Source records
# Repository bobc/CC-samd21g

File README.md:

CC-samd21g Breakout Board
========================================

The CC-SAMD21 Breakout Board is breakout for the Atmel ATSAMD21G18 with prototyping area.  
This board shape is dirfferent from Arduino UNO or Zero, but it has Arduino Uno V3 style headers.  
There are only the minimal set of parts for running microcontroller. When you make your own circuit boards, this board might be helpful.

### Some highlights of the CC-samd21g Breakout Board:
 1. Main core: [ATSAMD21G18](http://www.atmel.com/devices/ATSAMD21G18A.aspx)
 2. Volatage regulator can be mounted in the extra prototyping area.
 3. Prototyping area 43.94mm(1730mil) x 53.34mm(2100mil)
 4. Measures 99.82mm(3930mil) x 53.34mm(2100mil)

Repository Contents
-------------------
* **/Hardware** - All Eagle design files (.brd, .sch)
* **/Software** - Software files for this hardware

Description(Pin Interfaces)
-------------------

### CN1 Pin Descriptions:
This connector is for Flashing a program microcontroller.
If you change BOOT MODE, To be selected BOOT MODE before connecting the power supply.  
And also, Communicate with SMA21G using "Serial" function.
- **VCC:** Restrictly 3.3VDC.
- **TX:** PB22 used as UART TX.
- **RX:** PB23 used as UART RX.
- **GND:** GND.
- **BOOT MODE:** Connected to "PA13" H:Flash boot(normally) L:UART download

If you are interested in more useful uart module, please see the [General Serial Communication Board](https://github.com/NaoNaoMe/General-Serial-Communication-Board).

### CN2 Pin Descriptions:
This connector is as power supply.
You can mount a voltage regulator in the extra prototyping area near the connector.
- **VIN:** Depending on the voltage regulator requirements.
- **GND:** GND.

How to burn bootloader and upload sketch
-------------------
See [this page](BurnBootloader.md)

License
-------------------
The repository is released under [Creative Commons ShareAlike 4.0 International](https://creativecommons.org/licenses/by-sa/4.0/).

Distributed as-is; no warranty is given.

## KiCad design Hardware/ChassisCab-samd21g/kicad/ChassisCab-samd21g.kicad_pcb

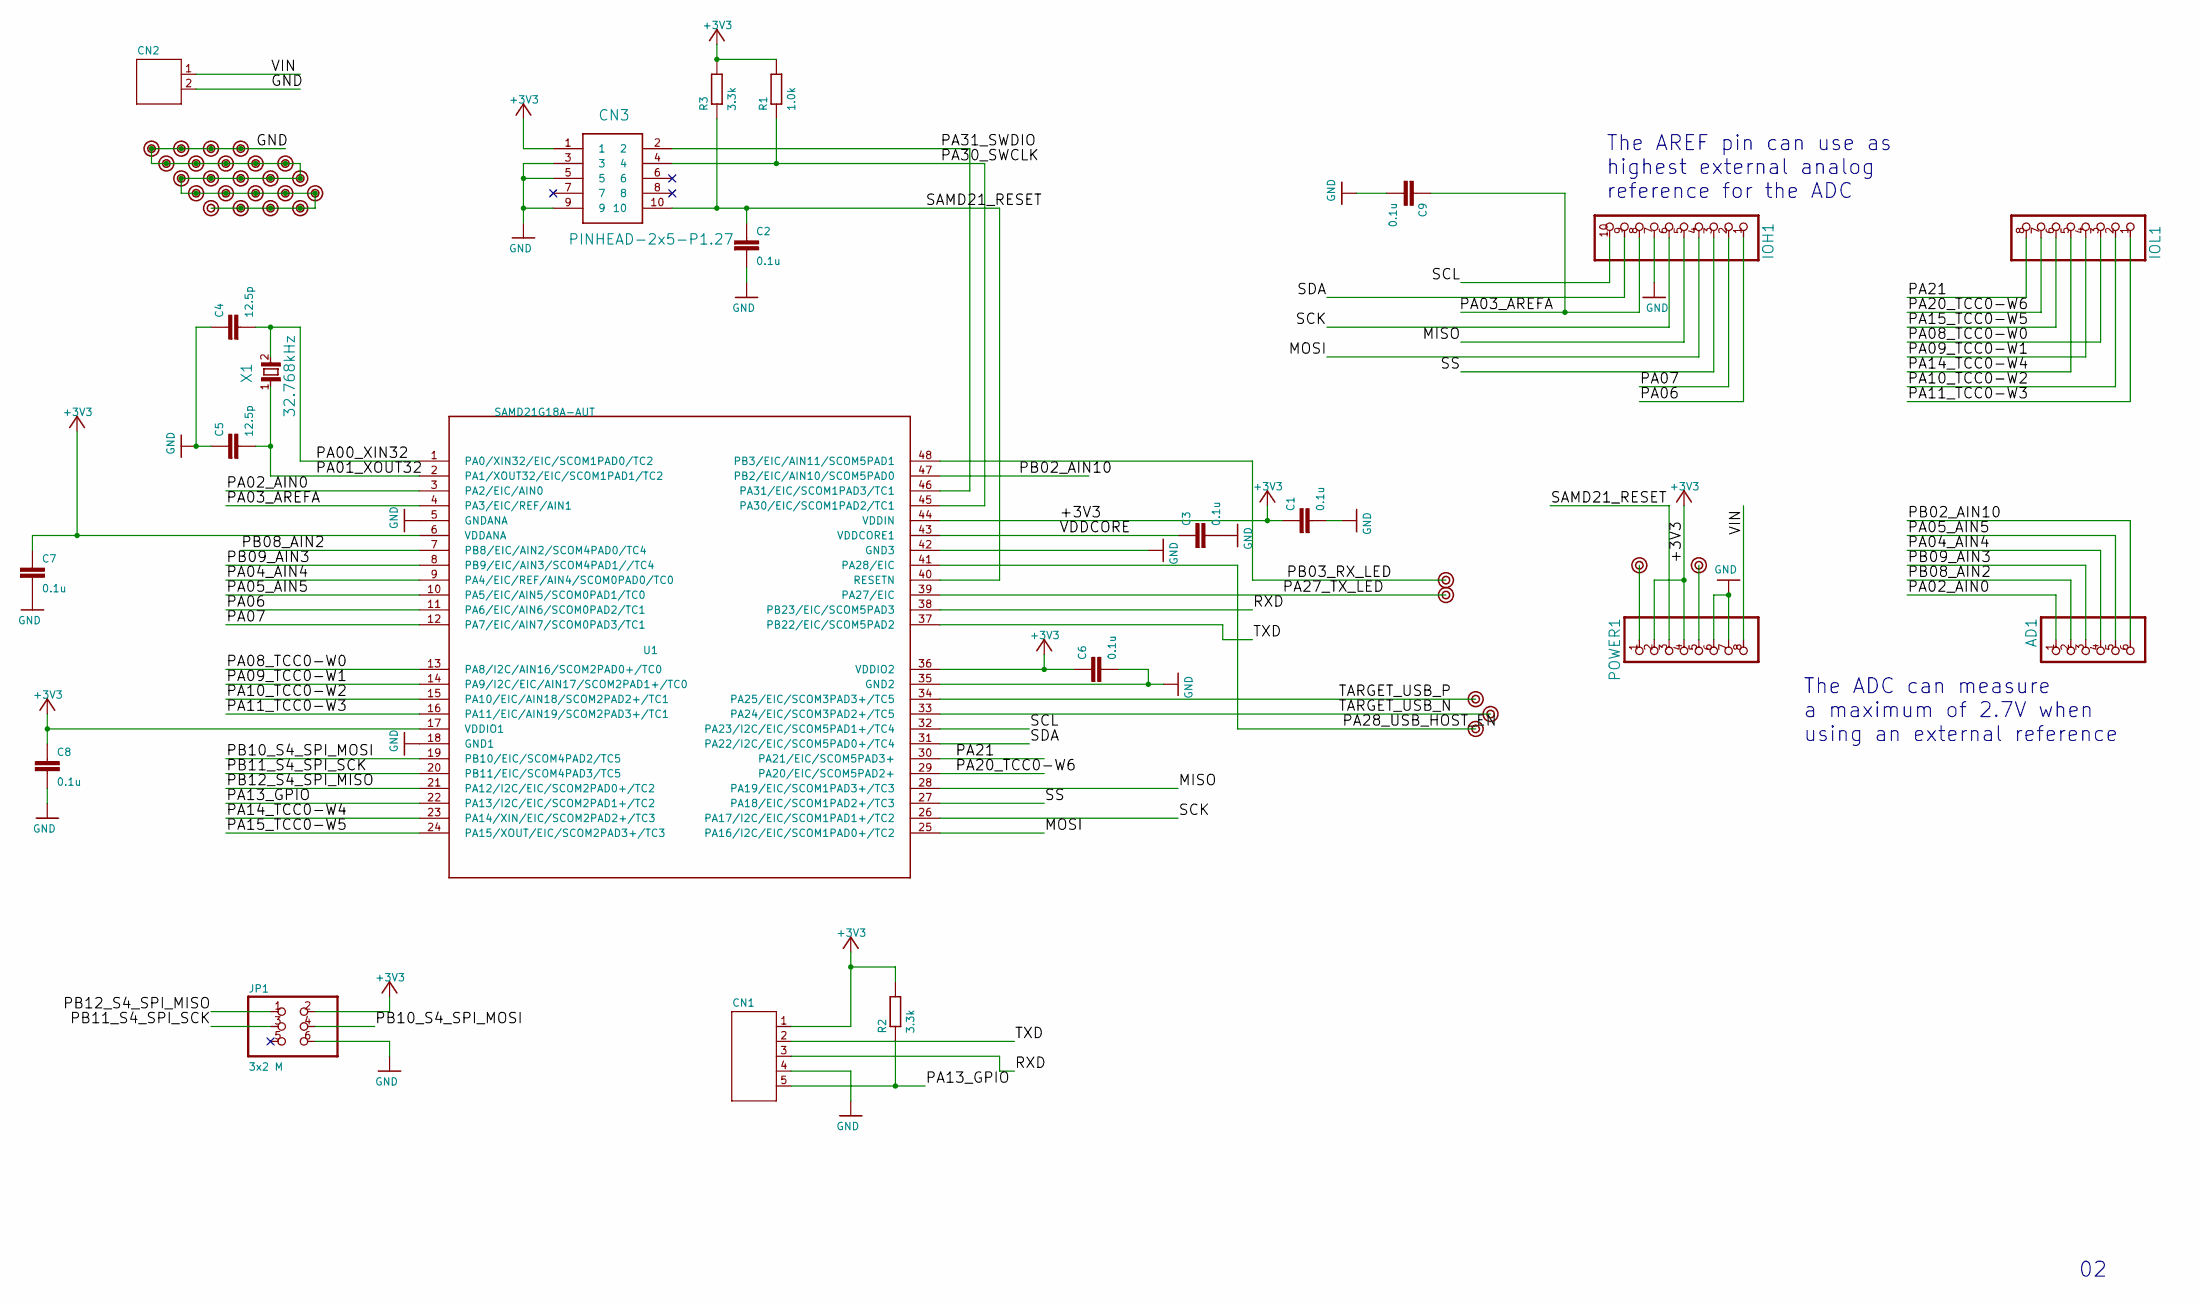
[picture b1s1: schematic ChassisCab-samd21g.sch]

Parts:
AD1: 6x1F-H8.5; 1X06
C1, C2, C3, C6, C7, C8, C9: 0.1u; C0603
C4, C5: 12.5p; C0603
CN1: S5B-PH
CN2: S2B-XH
CN3: PINHEAD-2x5-P1.27; SHF-105-01-X-D-SM
IOH1: 10x1F-H8.5; 1X10
IOL1: 8x1F-H8.5; 1X08
JP1: 3x2 M; 2X03
POWER1: 8x1F-H8.5; 1X08
R1: 1.0k; R0603
R2, R3: 3.3k; R0603
U1: SAMD21G18A-AUT; TQFP48
U$1, U$2, U$3, U$4, U$6, U$7, U$8, U$9, U$10, U$11, U$12, U$13, U$14, U$15, U$16, U$17, U$18, U$19, U$20, U$21, U$22, U$23, U$24, U$25, U$26, U$27, U$28, U$29, U$30, U$31: PAD
X1: 32.768kHz; FC-135

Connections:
+3V3: C1.1, C6.1, C7.1, C8.1, CN1.1, CN3.1, JP1.2, POWER1.2, POWER1.4, R1.2, R2.2, R3.2, U1.6 (VDDANA), U1.17 (VDDIO1), U1.36 (VDDIO2), U1.44 (VDDIN)
GND: C1.2, C2.2, C3.2, C4.1, C5.1, C6.2, C7.2, C8.2, C9.2, CN1.4, CN2.2, CN3.3, CN3.5, CN3.9, IOH1.7, JP1.6, POWER1.6, POWER1.7, U1.5 (GNDANA), U1.18 (GND1), U1.35 (GND2), U1.42 (GND3), U$2.1, U$8.1, U$9.1, U$10.1, U$11.1, U$12.1, U$13.1, U$14.1, U$15.1, U$16.1, U$17.1, U$18.1, U$19.1, U$20.1, U$21.1, U$22.1, U$23.1, U$24.1, U$25.1, U$26.1, U$27.1, U$28.1, U$31.1
MISO: IOH1.5, U1.28 (PA19/EIC/SCOM1PAD3+/TC3)
MOSI: IOH1.4, U1.25 (PA16/I2C/EIC/SCOM1PAD0+/TC2)
unnamed: POWER1.1, U$29.1
unnamed: POWER1.5, U$30.1
PA00_XIN32: C4.2, U1.1 (PA0/XIN32/EIC/SCOM1PAD0/TC2), X1.2
PA01_XOUT32: C5.2, U1.2 (PA1/XOUT32/EIC/SCOM1PAD1/TC2), X1.1
PA02_AIN0: AD1.1, U1.3 (PA2/EIC/AIN0)
PA03_AREFA: C9.1, IOH1.8, U1.4 (PA3/EIC/REF/AIN1)
PA04_AIN4: AD1.4, U1.9 (PA4/EIC/REF/AIN4/SCOM0PAD0/TC0)
PA05_AIN5: AD1.5, U1.10 (PA5/EIC/AIN5/SCOM0PAD1/TC0)
PA06: IOH1.1, U1.11 (PA6/EIC/AIN6/SCOM0PAD2/TC1)
PA07: IOH1.2, U1.12 (PA7/EIC/AIN7/SCOM0PAD3/TC1)
PA08_TCC0-W0: IOL1.3, U1.13 (PA8/I2C/AIN16/SCOM2PAD0+/TC0)
PA09_TCC0-W1: IOL1.4, U1.14 (PA9/I2C/EIC/AIN17/SCOM2PAD1+/TC0)
PA10_TCC0-W2: IOL1.2, U1.15 (PA10/EIC/AIN18/SCOM2PAD2+/TC1)
PA11_TCC0-W3: IOL1.1, U1.16 (PA11/EIC/AIN19/SCOM2PAD3+/TC1)
PA13_GPIO: CN1.5, R2.1, U1.22 (PA13/I2C/EIC/SCOM2PAD1+/TC2)
PA14_TCC0-W4: IOL1.5, U1.23 (PA14/XIN/EIC/SCOM2PAD2+/TC3)
PA15_TCC0-W5: IOL1.6, U1.24 (PA15/XOUT/EIC/SCOM2PAD3+/TC3)
PA20_TCC0-W6: IOL1.7, U1.29 (PA20/EIC/SCOM5PAD2+)
PA21: IOL1.8, U1.30 (PA21/EIC/SCOM5PAD3+)
PA27_TX_LED: U1.39 (PA27/EIC), U$4.1
PA28_USB_HOST_EN: U1.41 (PA28/EIC), U$3.1
PA30_SWCLK: CN3.4, R1.1, U1.45 (PA30/EIC/SCOM1PAD2/TC1)
PA31_SWDIO: CN3.2, U1.46 (PA31/EIC/SCOM1PAD3/TC1)
PB02_AIN10: AD1.6, U1.47 (PB2/EIC/AIN10/SCOM5PAD0)
PB03_RX_LED: U1.48 (PB3/EIC/AIN11/SCOM5PAD1), U$1.1
PB08_AIN2: AD1.2, U1.7 (PB8/EIC/AIN2/SCOM4PAD0/TC4)
PB09_AIN3: AD1.3, U1.8 (PB9/EIC/AIN3/SCOM4PAD1//TC4)
PB10_S4_SPI_MOSI: JP1.4, U1.19 (PB10/EIC/SCOM4PAD2/TC5)
PB11_S4_SPI_SCK: JP1.3, U1.20 (PB11/EIC/SCOM4PAD3/TC5)
PB12_S4_SPI_MISO: JP1.1, U1.21 (PA12/I2C/EIC/SCOM2PAD0+/TC2)
RXD: CN1.3, U1.38 (PB23/EIC/SCOM5PAD3)
SAMD21_RESET: C2.1, CN3.10, POWER1.3, R3.1, U1.40 (RESETN)
SCK: IOH1.6, U1.26 (PA17/I2C/EIC/SCOM1PAD1+/TC2)
SCL: IOH1.10, U1.32 (PA23/I2C/EIC/SCOM5PAD1+/TC4)
SDA: IOH1.9, U1.31 (PA22/I2C/EIC/SCOM5PAD0+/TC4)
SS: IOH1.3, U1.27 (PA18/EIC/SCOM1PAD2+/TC3)
TARGET_USB_N: U1.33 (PA24/EIC/SCOM3PAD2+/TC5), U$7.1
TARGET_USB_P: U1.34 (PA25/EIC/SCOM3PAD3+/TC5), U$6.1
TXD: CN1.2, U1.37 (PB22/EIC/SCOM5PAD2)
VDDCORE: C3.1, U1.43 (VDDCORE1)
VIN: CN2.1, POWER1.8

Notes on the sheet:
The ADC can measure a maximum of 2.7V when using an external reference
The AREF pin can use as highest external analog reference for the ADC

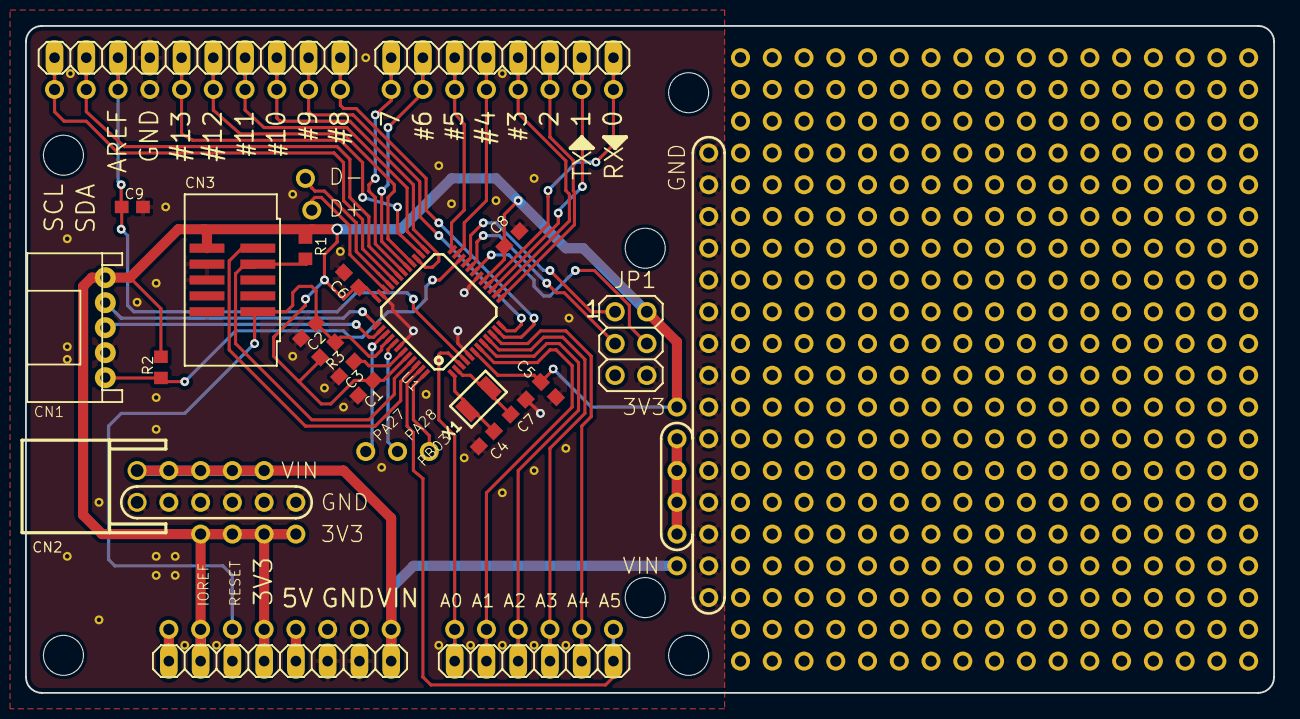
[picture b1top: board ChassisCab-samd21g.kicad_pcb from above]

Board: 2 copper layers, 99.8 x 53.3 mm, 480 parts (0 on the bottom side), 45 nets.

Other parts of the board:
@HOLE1: @HOLE1
@HOLE2: @HOLE2
@HOLE3: @HOLE3
@HOLE4: @HOLE4
@HOLE5: @HOLE5
@HOLE6: @HOLE6
@V1: @V1
@V2: @V2
@V3: @V3
@V4: @V4
@V5: @V5
@V6: @V6
@V7: @V7
@V8: @V8
@V9: @V9
@V10: @V10
@V11: @V11
@V12: @V12
@V13: @V13
@V14: @V14
@V15: @V15
@V16: @V16
@V17: @V17
@V18: @V18
@V19: @V19
@V20: @V20
@V21: @V21
@V22: @V22
@V23: @V23
@V24: @V24
@V25: @V25
@V26: @V26
@V27: @V27
@V28: @V28
@V29: @V29
@V30: @V30
@V31: @V31
@V32: @V32
@V33: @V33
@V34: @V34
@V35: @V35
@V36: @V36
@V37: @V37
@V38: @V38
@V39: @V39
@V40: @V40
@V41: @V41
@V42: @V42
@V43: @V43
@V44: @V44
@V45: @V45
@V46: @V46
@V47: @V47
@V48: @V48
@V49: @V49
@V50: @V50
@V51: @V51
@V52: @V52
@V53: @V53
@V54: @V54
@V55: @V55
@V56: @V56
@V57: @V57
@V58: @V58
@V59: @V59
@V60: @V60
@V61: @V61
@V62: @V62
@V63: @V63
@V64: @V64
@V65: @V65
@V66: @V66
@V67: @V67
@V68: @V68
@V69: @V69
@V70: @V70
@V71: @V71
@V72: @V72
@V73: @V73
@V74: @V74
@V75: @V75
@V76: @V76
@V77: @V77
@V78: @V78
@V79: @V79
@V80: @V80
@V81: @V81
@V82: @V82
@V83: @V83
@V84: @V84
@V85: @V85
@V86: @V86
@V87: @V87
@V88: @V88
@V89: @V89
@V90: @V90
@V91: @V91
@V92: @V92
@V93: @V93
@V94: @V94
@V95: @V95
@V96: @V96
@V97: @V97
@V98: @V98
@V99: @V99
@V100: @V100
@V101: @V101
@V102: @V102
@V103: @V103
@V104: @V104
@V105: @V105
@V106: @V106
@V107: @V107
@V108: @V108
@V109: @V109
@V110: @V110
@V111: @V111
@V112: @V112
@V113: @V113
@V114: @V114
@V115: @V115
@V116: @V116
@V117: @V117
@V118: @V118
@V119: @V119
@V120: @V120
@V121: @V121
@V122: @V122
@V123: @V123
@V124: @V124
@V125: @V125
@V126: @V126
@V127: @V127
@V128: @V128
@V129: @V129
@V130: @V130
@V131: @V131
@V132: @V132
@V133: @V133
@V134: @V134
@V135: @V135
@V136: @V136
@V137: @V137
@V138: @V138
@V139: @V139
@V140: @V140
@V141: @V141
@V142: @V142
@V143: @V143
@V144: @V144
@V145: @V145
@V146: @V146
@V147: @V147
@V148: @V148
@V149: @V149
@V150: @V150
@V151: @V151
@V152: @V152
@V153: @V153
@V154: @V154
@V155: @V155
@V156: @V156
@V157: @V157
@V158: @V158
@V159: @V159
@V160: @V160
@V161: @V161
@V162: @V162
@V163: @V163
@V164: @V164
@V165: @V165
@V166: @V166
@V167: @V167
@V168: @V168
@V169: @V169
@V170: @V170
@V171: @V171
@V172: @V172
@V173: @V173
@V174: @V174
@V175: @V175
@V176: @V176
@V177: @V177
@V178: @V178
@V179: @V179
@V180: @V180
@V181: @V181
@V182: @V182
@V183: @V183
@V184: @V184
@V185: @V185
@V186: @V186
@V187: @V187
@V188: @V188
@V189: @V189
@V190: @V190
@V191: @V191
@V192: @V192
@V193: @V193
@V194: @V194
@V195: @V195
@V196: @V196
@V197: @V197
@V198: @V198
@V199: @V199
@V200: @V200
@V201: @V201
@V202: @V202
@V203: @V203
@V204: @V204
@V205: @V205
@V206: @V206
@V207: @V207
@V208: @V208
@V209: @V209
@V210: @V210
@V211: @V211
@V212: @V212
@V213: @V213
@V214: @V214
@V215: @V215
@V216: @V216
@V217: @V217
@V218: @V218
@V219: @V219
@V220: @V220
@V221: @V221
@V222: @V222
@V223: @V223
@V224: @V224
@V225: @V225
@V226: @V226
@V227: @V227
@V228: @V228
@V229: @V229
@V230: @V230
@V231: @V231
@V232: @V232
@V233: @V233
@V234: @V234
@V235: @V235
@V236: @V236
@V237: @V237
@V238: @V238
@V239: @V239
@V240: @V240
@V241: @V241
@V242: @V242
@V243: @V243
@V244: @V244
@V245: @V245
@V246: @V246
@V247: @V247
@V248: @V248
@V249: @V249
@V250: @V250
@V251: @V251
@V252: @V252
@V253: @V253
@V254: @V254
@V255: @V255
@V256: @V256
@V257: @V257
@V258: @V258
@V259: @V259
@V260: @V260
@V261: @V261
@V262: @V262
@V263: @V263
@V264: @V264
@V265: @V265
@V266: @V266
@V267: @V267
@V268: @V268
@V269: @V269
@V270: @V270
@V271: @V271
@V272: @V272
@V273: @V273
@V274: @V274
@V275: @V275
@V276: @V276
@V277: @V277
@V278: @V278
@V279: @V279
@V280: @V280
@V281: @V281
@V282: @V282
@V283: @V283
@V284: @V284
@V285: @V285
@V286: @V286
@V287: @V287
@V288: @V288
@V289: @V289
@V290: @V290
@V291: @V291
@V292: @V292
@V293: @V293
@V294: @V294
@V295: @V295
@V296: @V296
@V297: @V297
@V298: @V298
@V299: @V299
@V300: @V300
@V301: @V301
@V302: @V302
@V303: @V303
@V304: @V304
@V305: @V305
@V306: @V306
@V307: @V307
@V308: @V308
@V309: @V309
@V310: @V310
@V311: @V311
@V312: @V312
@V313: @V313
@V314: @V314
@V315: @V315
@V316: @V316
@V317: @V317
@V318: @V318
@V319: @V319
@V320: @V320
@V321: @V321
@V322: @V322
@V323: @V323
@V324: @V324
@V325: @V325
@V326: @V326
@V327: @V327
@V328: @V328
@V329: @V329
@V330: @V330
@V331: @V331
@V332: @V332
@V333: @V333
@V334: @V334
@V335: @V335
@V336: @V336
@V337: @V337
@V338: @V338
@V339: @V339
@V340: @V340
@V341: @V341
@V342: @V342
@V343: @V343
@V344: @V344
@V345: @V345
@V346: @V346
@V347: @V347
@V348: @V348
@V349: @V349
@V350: @V350
@V351: @V351
@V352: @V352
@V353: @V353
@V354: @V354
@V355: @V355
@V356: @V356
@V357: @V357
@V358: @V358
@V359: @V359
@V360: @V360
@V361: @V361
@V362: @V362
@V363: @V363
@V364: @V364
@V365: @V365
@V366: @V366
@V367: @V367
@V368: @V368
@V369: @V369
@V370: @V370
@V371: @V371
@V372: @V372
@V373: @V373
@V374: @V374
@V375: @V375
@V376: @V376
@V377: @V377
@V378: @V378
@V379: @V379
@V380: @V380
@V381: @V381
@V382: @V382
@V383: @V383
@V384: @V384
@V385: @V385
@V386: @V386
@V387: @V387
@V388: @V388
@V389: @V389
@V390: @V390
@V391: @V391
@V392: @V392
@V393: @V393
@V394: @V394
@V395: @V395
@V396: @V396
@V397: @V397
@V398: @V398
@V399: @V399
@V400: @V400
@V401: @V401
@V402: @V402
@V403: @V403
@V404: @V404
@V405: @V405
@V406: @V406
@V407: @V407
@V408: @V408
@V409: @V409
@V410: @V410
@V411: @V411
@V412: @V412
@V413: @V413
@V414: @V414
@V415: @V415
@V416: @V416
@V417: @V417
@V418: @V418
@V419: @V419
@V420: @V420
@V421: @V421
@V422: @V422

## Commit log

2017-03-31 add files
2017-05-13 typo
2017-06-13 Conversion to KiCad

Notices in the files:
parts and their libraries:
jst: Copyright (C) 2016, Naoya Imai

_PROBLEM TO SOLVE_
Your job is to copy out every line from the records above that has the word "voltage".

_TASK RESPONSE_
You can mount a voltage regulator in the extra prototyping area near the connector.
- **VIN:** Depending on the voltage regulator requirements.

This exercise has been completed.